Can we tell a different story? I believe we can and we must. It starts by recognizing there is not just one story. There are many stories and they all touch on part of the truth. When we learn to hear each others’ stories and build a more inclusive story, we will make progress. Our country is in flux and it’s also increasingly polarized. But when we insist on giving into polarization, there is little room for hope.

We must reach for a new story. This story requires a new language that is not binary. A language that can hold respect for the police while challenging structures that do not serve us well. This requires dropping the impossible demand that blacks must first prove that their lives matter. This requires being willing to ask more of the black community, but not the impossible. This requires asking more of the white community, but not the impossible. This requires recognizing that the black, white, brown, Asian, Native-American, and mixed-race communities are all our America. This requires that we be willing to do things differently, whether it’s in how we fund and populate our schools and police departments to how we approach guns and violence in our society.

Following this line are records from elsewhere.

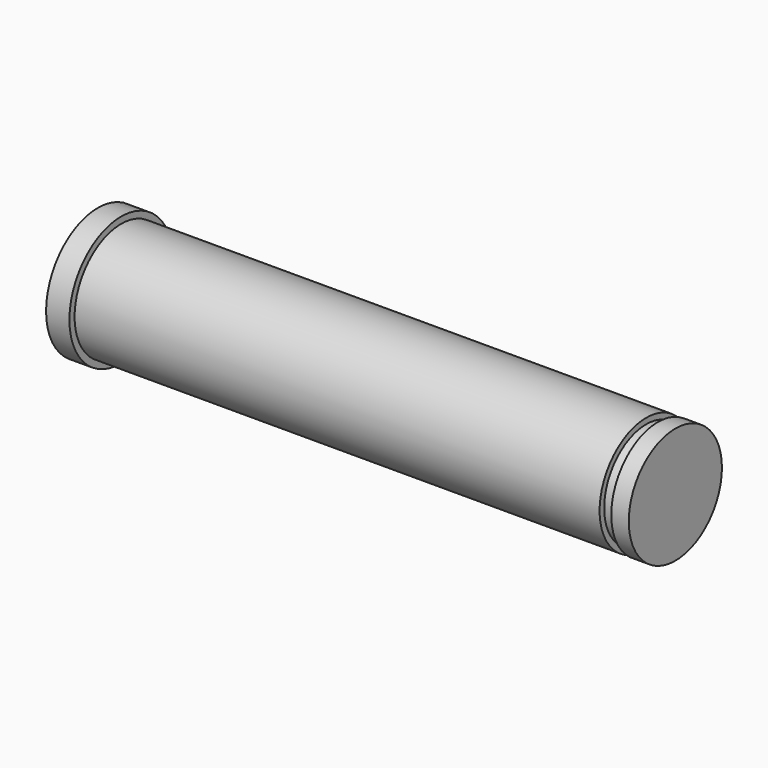
from build123d import *

# Parameters (mm, degrees)
F0_R     = 4.99
F1_DEPTH = 45
F2_R     = 5.5454073787
F2_R_2   = 4.99
F3_DEPTH = 2
F4_R     = 4.5
F5_DEPTH = 1
F6_R     = 4.99
F6_R_2   = 4.5
F7_DEPTH = 1.5


with BuildPart() as f1:
    # F0 (on Right) → F1 (new body)
    with BuildSketch(Plane.YZ):
        Circle(F0_R)
    extrude(amount=F1_DEPTH)

    # F2 (on face) → F3 (join)
    with BuildSketch(Plane(origin=(0, 0, 0), x_dir=(0, -1, 0), z_dir=(-1, 0, 0))):
        Circle(F2_R)
        Circle(F2_R_2, mode=Mode.SUBTRACT)
        Circle(F2_R_2)
    extrude(amount=F3_DEPTH)

    # F4 (on face) → F5 (join)
    with BuildSketch(Plane.YZ.offset(45)):
        Circle(F4_R)
    extrude(amount=F5_DEPTH)

    # F6 (on face) → F7 (join)
    with BuildSketch(Plane.YZ.offset(46)):
        Circle(F6_R)
        Circle(F6_R_2, mode=Mode.SUBTRACT)
        Circle(F6_R_2)
    extrude(amount=F7_DEPTH)


solid = f1.part

Most importantly, this new story requires that we recognize that we are all a part of each other and that we make all our practices reflect this. This new story requires more than words. It requires actions. It requires reaching inside ourselves and out across the gulf that threatens to divide us. This new story requires that we lean away from hate and into love. We will make mistakes and there will be setbacks, but we can collectively give birth to a new story and a new way of being.

Some will insist that things have improved. And they have. Some will insist that things have gotten worse, and they have. The question we must ask is: How do things get better? And equally important: What is our role in creating a new story to ensure things will?